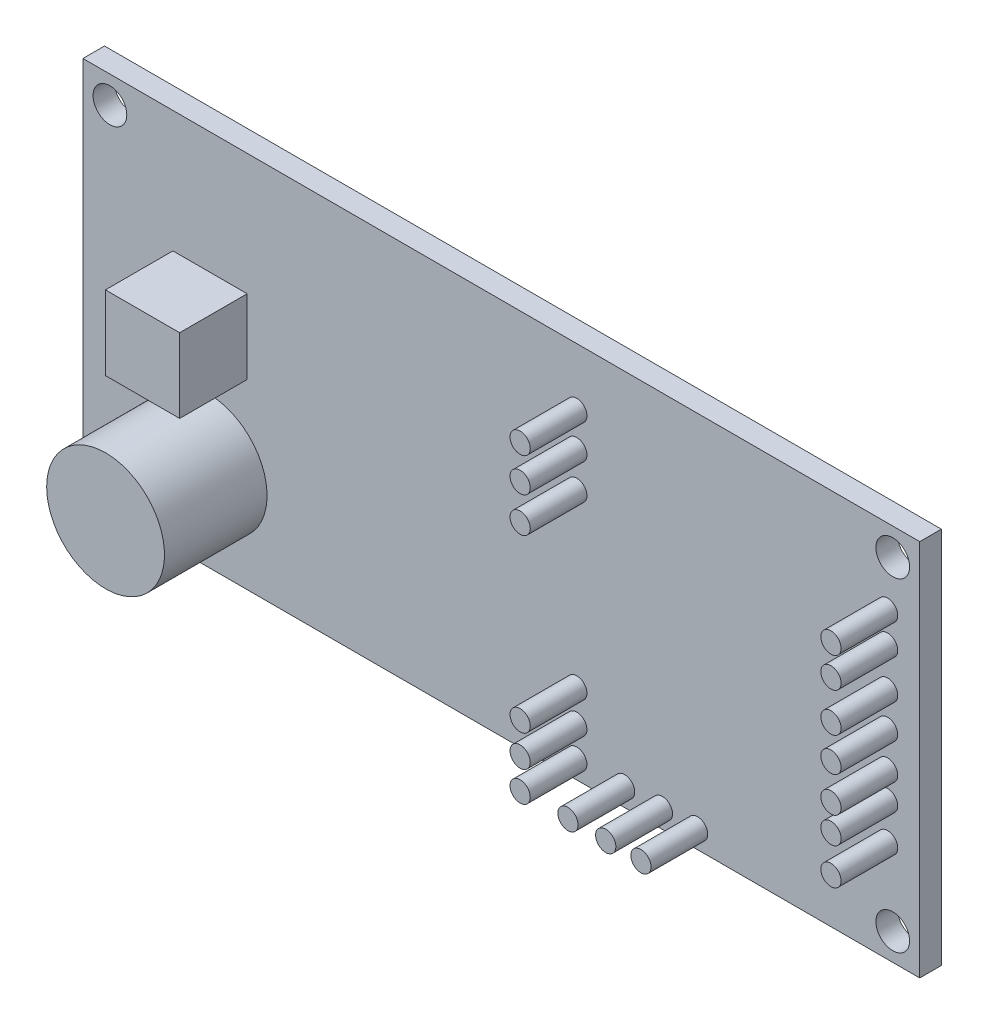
ISO-10303-21;
HEADER;
FILE_DESCRIPTION(('STEP AP214'),'2;1');
FILE_NAME('part.step','',(''),(''),'','','');
FILE_SCHEMA(('AUTOMOTIVE_DESIGN { 1 0 10303 214 1 1 1 1 }'));
ENDSEC;
DATA;
#1=APPLICATION_CONTEXT('core data for automotive mechanical design processes');
#2=APPLICATION_PROTOCOL_DEFINITION('international standard','automotive_design',2000,#1);
#3=PRODUCT_CONTEXT('',#1,'mechanical');
#4=PRODUCT('Part','Part','',(#3));
#5=PRODUCT_RELATED_PRODUCT_CATEGORY('part','',(#4));
#6=PRODUCT_DEFINITION_FORMATION('','',#4);
#7=PRODUCT_DEFINITION_CONTEXT('part definition',#1,'design');
#8=PRODUCT_DEFINITION('design','',#6,#7);
#9=PRODUCT_DEFINITION_SHAPE('','',#8);
#10=(LENGTH_UNIT() NAMED_UNIT(*) SI_UNIT(.MILLI.,.METRE.));
#11=(NAMED_UNIT(*) PLANE_ANGLE_UNIT() SI_UNIT($,.RADIAN.));
#12=(NAMED_UNIT(*) SI_UNIT($,.STERADIAN.) SOLID_ANGLE_UNIT());
#13=UNCERTAINTY_MEASURE_WITH_UNIT(LENGTH_MEASURE(1.E-05),#10,'distance_accuracy_value','');
#14=(GEOMETRIC_REPRESENTATION_CONTEXT(3) GLOBAL_UNCERTAINTY_ASSIGNED_CONTEXT((#13)) GLOBAL_UNIT_ASSIGNED_CONTEXT((#10,
#11,#12)) REPRESENTATION_CONTEXT('',''));
#15=CARTESIAN_POINT('',(0.,0.,0.));
#16=DIRECTION('',(0.,0.,1.));
#17=DIRECTION('',(1.,0.,0.));
#18=AXIS2_PLACEMENT_3D('',#15,#16,#17);
#19=CARTESIAN_POINT('',(0.,28.,-0.8));
#20=DIRECTION('',(0.,0.,-1.));
#21=DIRECTION('',(-1.,0.,0.));
#22=AXIS2_PLACEMENT_3D('',#19,#20,#21);
#23=PLANE('',#22);
#24=DIRECTION('',(-1.,0.,0.));
#25=VECTOR('',#24,1.);
#26=CARTESIAN_POINT('',(19.6263687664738,1.64749066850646,-0.8));
#27=LINE('',#26,#25);
#28=CARTESIAN_POINT('',(19.6263687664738,1.64749066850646,-0.8));
#29=VERTEX_POINT('',#28);
#30=CARTESIAN_POINT('',(15.4311769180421,1.64749066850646,-0.8));
#31=VERTEX_POINT('',#30);
#32=EDGE_CURVE('E182',#29,#31,#27,.T.);
#33=ORIENTED_EDGE('',*,*,#32,.F.);
#34=DIRECTION('',(0.,-1.,0.));
#35=VECTOR('',#34,1.);
#36=CARTESIAN_POINT('',(19.6263687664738,5.283323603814,-0.8));
#37=LINE('',#36,#35);
#38=CARTESIAN_POINT('',(19.6263687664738,5.283323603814,-0.8));
#39=VERTEX_POINT('',#38);
#40=EDGE_CURVE('E151',#39,#29,#37,.T.);
#41=ORIENTED_EDGE('',*,*,#40,.F.);
#42=DIRECTION('',(1.,0.,0.));
#43=VECTOR('',#42,1.);
#44=CARTESIAN_POINT('',(19.6263687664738,5.283323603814,-0.8));
#45=LINE('',#44,#43);
#46=CARTESIAN_POINT('',(15.4311769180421,5.283323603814,-0.8));
#47=VERTEX_POINT('',#46);
#48=EDGE_CURVE('E186',#47,#39,#45,.T.);
#49=ORIENTED_EDGE('',*,*,#48,.F.);
#50=DIRECTION('',(0.,1.,0.));
#51=VECTOR('',#50,1.);
#52=CARTESIAN_POINT('',(15.4311769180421,5.283323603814,-0.8));
#53=LINE('',#52,#51);
#54=EDGE_CURVE('E184',#31,#47,#53,.T.);
#55=ORIENTED_EDGE('',*,*,#54,.F.);
#56=EDGE_LOOP('',(#33,#41,#49,#55));
#57=FACE_BOUND('',#56,.T.);
#58=CARTESIAN_POINT('',(60.,2.,-0.8));
#59=DIRECTION('',(0.,0.,1.));
#60=DIRECTION('',(1.,0.,0.));
#61=AXIS2_PLACEMENT_3D('',#58,#59,#60);
#62=CIRCLE('',#61,1.25);
#63=CARTESIAN_POINT('',(61.25,2.,-0.8));
#64=VERTEX_POINT('',#63);
#65=EDGE_CURVE('E296',#64,#64,#62,.T.);
#66=ORIENTED_EDGE('',*,*,#65,.T.);
#67=EDGE_LOOP('',(#66));
#68=FACE_BOUND('',#67,.T.);
#69=CARTESIAN_POINT('',(2.,2.,-0.8));
#70=DIRECTION('',(0.,0.,1.));
#71=DIRECTION('',(1.,0.,0.));
#72=AXIS2_PLACEMENT_3D('',#69,#70,#71);
#73=CIRCLE('',#72,1.25);
#74=CARTESIAN_POINT('',(3.25,2.,-0.8));
#75=VERTEX_POINT('',#74);
#76=EDGE_CURVE('E308',#75,#75,#73,.T.);
#77=ORIENTED_EDGE('',*,*,#76,.T.);
#78=EDGE_LOOP('',(#77));
#79=FACE_BOUND('',#78,.T.);
#80=DIRECTION('',(0.,-1.,0.));
#81=VECTOR('',#80,1.);
#82=CARTESIAN_POINT('',(0.,0.,-0.8));
#83=LINE('',#82,#81);
#84=CARTESIAN_POINT('',(0.,28.,-0.8));
#85=VERTEX_POINT('',#84);
#86=CARTESIAN_POINT('',(0.,0.,-0.8));
#87=VERTEX_POINT('',#86);
#88=EDGE_CURVE('E314',#85,#87,#83,.T.);
#89=ORIENTED_EDGE('',*,*,#88,.F.);
#90=DIRECTION('',(-1.,0.,0.));
#91=VECTOR('',#90,1.);
#92=CARTESIAN_POINT('',(0.,28.,-0.8));
#93=LINE('',#92,#91);
#94=CARTESIAN_POINT('',(62.,28.,-0.8));
#95=VERTEX_POINT('',#94);
#96=EDGE_CURVE('E321',#95,#85,#93,.T.);
#97=ORIENTED_EDGE('',*,*,#96,.F.);
#98=DIRECTION('',(0.,1.,0.));
#99=VECTOR('',#98,1.);
#100=CARTESIAN_POINT('',(62.,0.,-0.8));
#101=LINE('',#100,#99);
#102=CARTESIAN_POINT('',(62.,0.,-0.8));
#103=VERTEX_POINT('',#102);
#104=EDGE_CURVE('E319',#103,#95,#101,.T.);
#105=ORIENTED_EDGE('',*,*,#104,.F.);
#106=DIRECTION('',(1.,0.,0.));
#107=VECTOR('',#106,1.);
#108=CARTESIAN_POINT('',(0.,0.,-0.8));
#109=LINE('',#108,#107);
#110=EDGE_CURVE('E317',#87,#103,#109,.T.);
#111=ORIENTED_EDGE('',*,*,#110,.F.);
#112=EDGE_LOOP('',(#89,#97,#105,#111));
#113=FACE_BOUND('',#112,.T.);
#114=CARTESIAN_POINT('',(60.,26.,-0.8));
#115=DIRECTION('',(0.,0.,1.));
#116=DIRECTION('',(1.,0.,0.));
#117=AXIS2_PLACEMENT_3D('',#114,#115,#116);
#118=CIRCLE('',#117,1.25);
#119=CARTESIAN_POINT('',(61.25,26.,-0.8));
#120=VERTEX_POINT('',#119);
#121=EDGE_CURVE('E302',#120,#120,#118,.T.);
#122=ORIENTED_EDGE('',*,*,#121,.T.);
#123=EDGE_LOOP('',(#122));
#124=FACE_BOUND('',#123,.T.);
#125=CARTESIAN_POINT('',(2.,26.,-0.8));
#126=DIRECTION('',(0.,0.,1.));
#127=DIRECTION('',(1.,0.,0.));
#128=AXIS2_PLACEMENT_3D('',#125,#126,#127);
#129=CIRCLE('',#128,1.25);
#130=CARTESIAN_POINT('',(3.25,26.,-0.8));
#131=VERTEX_POINT('',#130);
#132=EDGE_CURVE('E290',#131,#131,#129,.T.);
#133=ORIENTED_EDGE('',*,*,#132,.T.);
#134=EDGE_LOOP('',(#133));
#135=FACE_BOUND('',#134,.T.);
#136=DIRECTION('',(-1.,0.,0.));
#137=VECTOR('',#136,1.);
#138=CARTESIAN_POINT('',(26.9912611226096,1.64749066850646,-0.8));
#139=LINE('',#138,#137);
#140=CARTESIAN_POINT('',(26.9912611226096,1.64749066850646,-0.8));
#141=VERTEX_POINT('',#140);
#142=CARTESIAN_POINT('',(22.8892957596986,1.64749066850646,-0.8));
#143=VERTEX_POINT('',#142);
#144=EDGE_CURVE('E145',#141,#143,#139,.T.);
#145=ORIENTED_EDGE('',*,*,#144,.F.);
#146=DIRECTION('',(0.,-1.,0.));
#147=VECTOR('',#146,1.);
#148=CARTESIAN_POINT('',(26.9912611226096,5.283323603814,-0.8));
#149=LINE('',#148,#147);
#150=CARTESIAN_POINT('',(26.9912611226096,5.283323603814,-0.8));
#151=VERTEX_POINT('',#150);
#152=EDGE_CURVE('E156',#151,#141,#149,.T.);
#153=ORIENTED_EDGE('',*,*,#152,.F.);
#154=DIRECTION('',(1.,0.,0.));
#155=VECTOR('',#154,1.);
#156=CARTESIAN_POINT('',(26.9912611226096,5.283323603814,-0.8));
#157=LINE('',#156,#155);
#158=CARTESIAN_POINT('',(22.8892957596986,5.283323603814,-0.8));
#159=VERTEX_POINT('',#158);
#160=EDGE_CURVE('E166',#159,#151,#157,.T.);
#161=ORIENTED_EDGE('',*,*,#160,.F.);
#162=DIRECTION('',(0.,1.,0.));
#163=VECTOR('',#162,1.);
#164=CARTESIAN_POINT('',(22.8892957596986,5.283323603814,-0.8));
#165=LINE('',#164,#163);
#166=EDGE_CURVE('E164',#143,#159,#165,.T.);
#167=ORIENTED_EDGE('',*,*,#166,.F.);
#168=EDGE_LOOP('',(#145,#153,#161,#167));
#169=FACE_BOUND('',#168,.T.);
#170=ADVANCED_FACE('F26',(#57,#68,#79,#113,#124,#135,#169),#23,.T.);
#171=CARTESIAN_POINT('',(0.,28.,0.8));
#172=DIRECTION('',(0.,0.,-1.));
#173=DIRECTION('',(-1.,0.,0.));
#174=AXIS2_PLACEMENT_3D('',#171,#172,#173);
#175=PLANE('',#174);
#176=CARTESIAN_POINT('',(9.27822887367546,6.77494737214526,0.8));
#177=DIRECTION('',(0.,0.,-1.));
#178=DIRECTION('',(-1.,0.,0.));
#179=AXIS2_PLACEMENT_3D('',#176,#177,#178);
#180=CIRCLE('',#179,4.36475214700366);
#181=CARTESIAN_POINT('',(4.9134767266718,6.77494737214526,0.800000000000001));
#182=VERTEX_POINT('',#181);
#183=EDGE_CURVE('E11',#182,#182,#180,.F.);
#184=ORIENTED_EDGE('',*,*,#183,.F.);
#185=EDGE_LOOP('',(#184));
#186=FACE_BOUND('',#185,.T.);
#187=CARTESIAN_POINT('',(40.1361955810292,1.36781121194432,0.8));
#188=DIRECTION('',(0.,0.,-1.));
#189=DIRECTION('',(-1.,0.,0.));
#190=AXIS2_PLACEMENT_3D('',#187,#188,#189);
#191=CIRCLE('',#190,0.749999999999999);
#192=CARTESIAN_POINT('',(39.3861955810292,1.36781121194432,0.8));
#193=VERTEX_POINT('',#192);
#194=EDGE_CURVE('E386',#193,#193,#191,.F.);
#195=ORIENTED_EDGE('',*,*,#194,.F.);
#196=EDGE_LOOP('',(#195));
#197=FACE_BOUND('',#196,.T.);
#198=CARTESIAN_POINT('',(36.5935891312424,1.36781121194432,0.8));
#199=DIRECTION('',(0.,0.,-1.));
#200=DIRECTION('',(-1.,0.,0.));
#201=AXIS2_PLACEMENT_3D('',#198,#199,#200);
#202=CIRCLE('',#201,0.749999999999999);
#203=CARTESIAN_POINT('',(35.8435891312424,1.36781121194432,0.8));
#204=VERTEX_POINT('',#203);
#205=EDGE_CURVE('E380',#204,#204,#202,.F.);
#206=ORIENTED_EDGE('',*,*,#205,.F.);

::::

** EXERCISE DIRECTIONS **
All that is wanted is the run of lines from the start of the material through the line that holds "#5=PRODUCT_RELATED_PRODUCT_CATEGORY('part','',(#4));", retyped exactly, with no pictures.

** OUTPUT OF THE EXERCISE **
ISO-10303-21;
HEADER;
FILE_DESCRIPTION(('STEP AP214'),'2;1');
FILE_NAME('part.step','',(''),(''),'','','');
FILE_SCHEMA(('AUTOMOTIVE_DESIGN { 1 0 10303 214 1 1 1 1 }'));
ENDSEC;
DATA;
#1=APPLICATION_CONTEXT('core data for automotive mechanical design processes');
#2=APPLICATION_PROTOCOL_DEFINITION('international standard','automotive_design',2000,#1);
#3=PRODUCT_CONTEXT('',#1,'mechanical');
#4=PRODUCT('Part','Part','',(#3));
#5=PRODUCT_RELATED_PRODUCT_CATEGORY('part','',(#4));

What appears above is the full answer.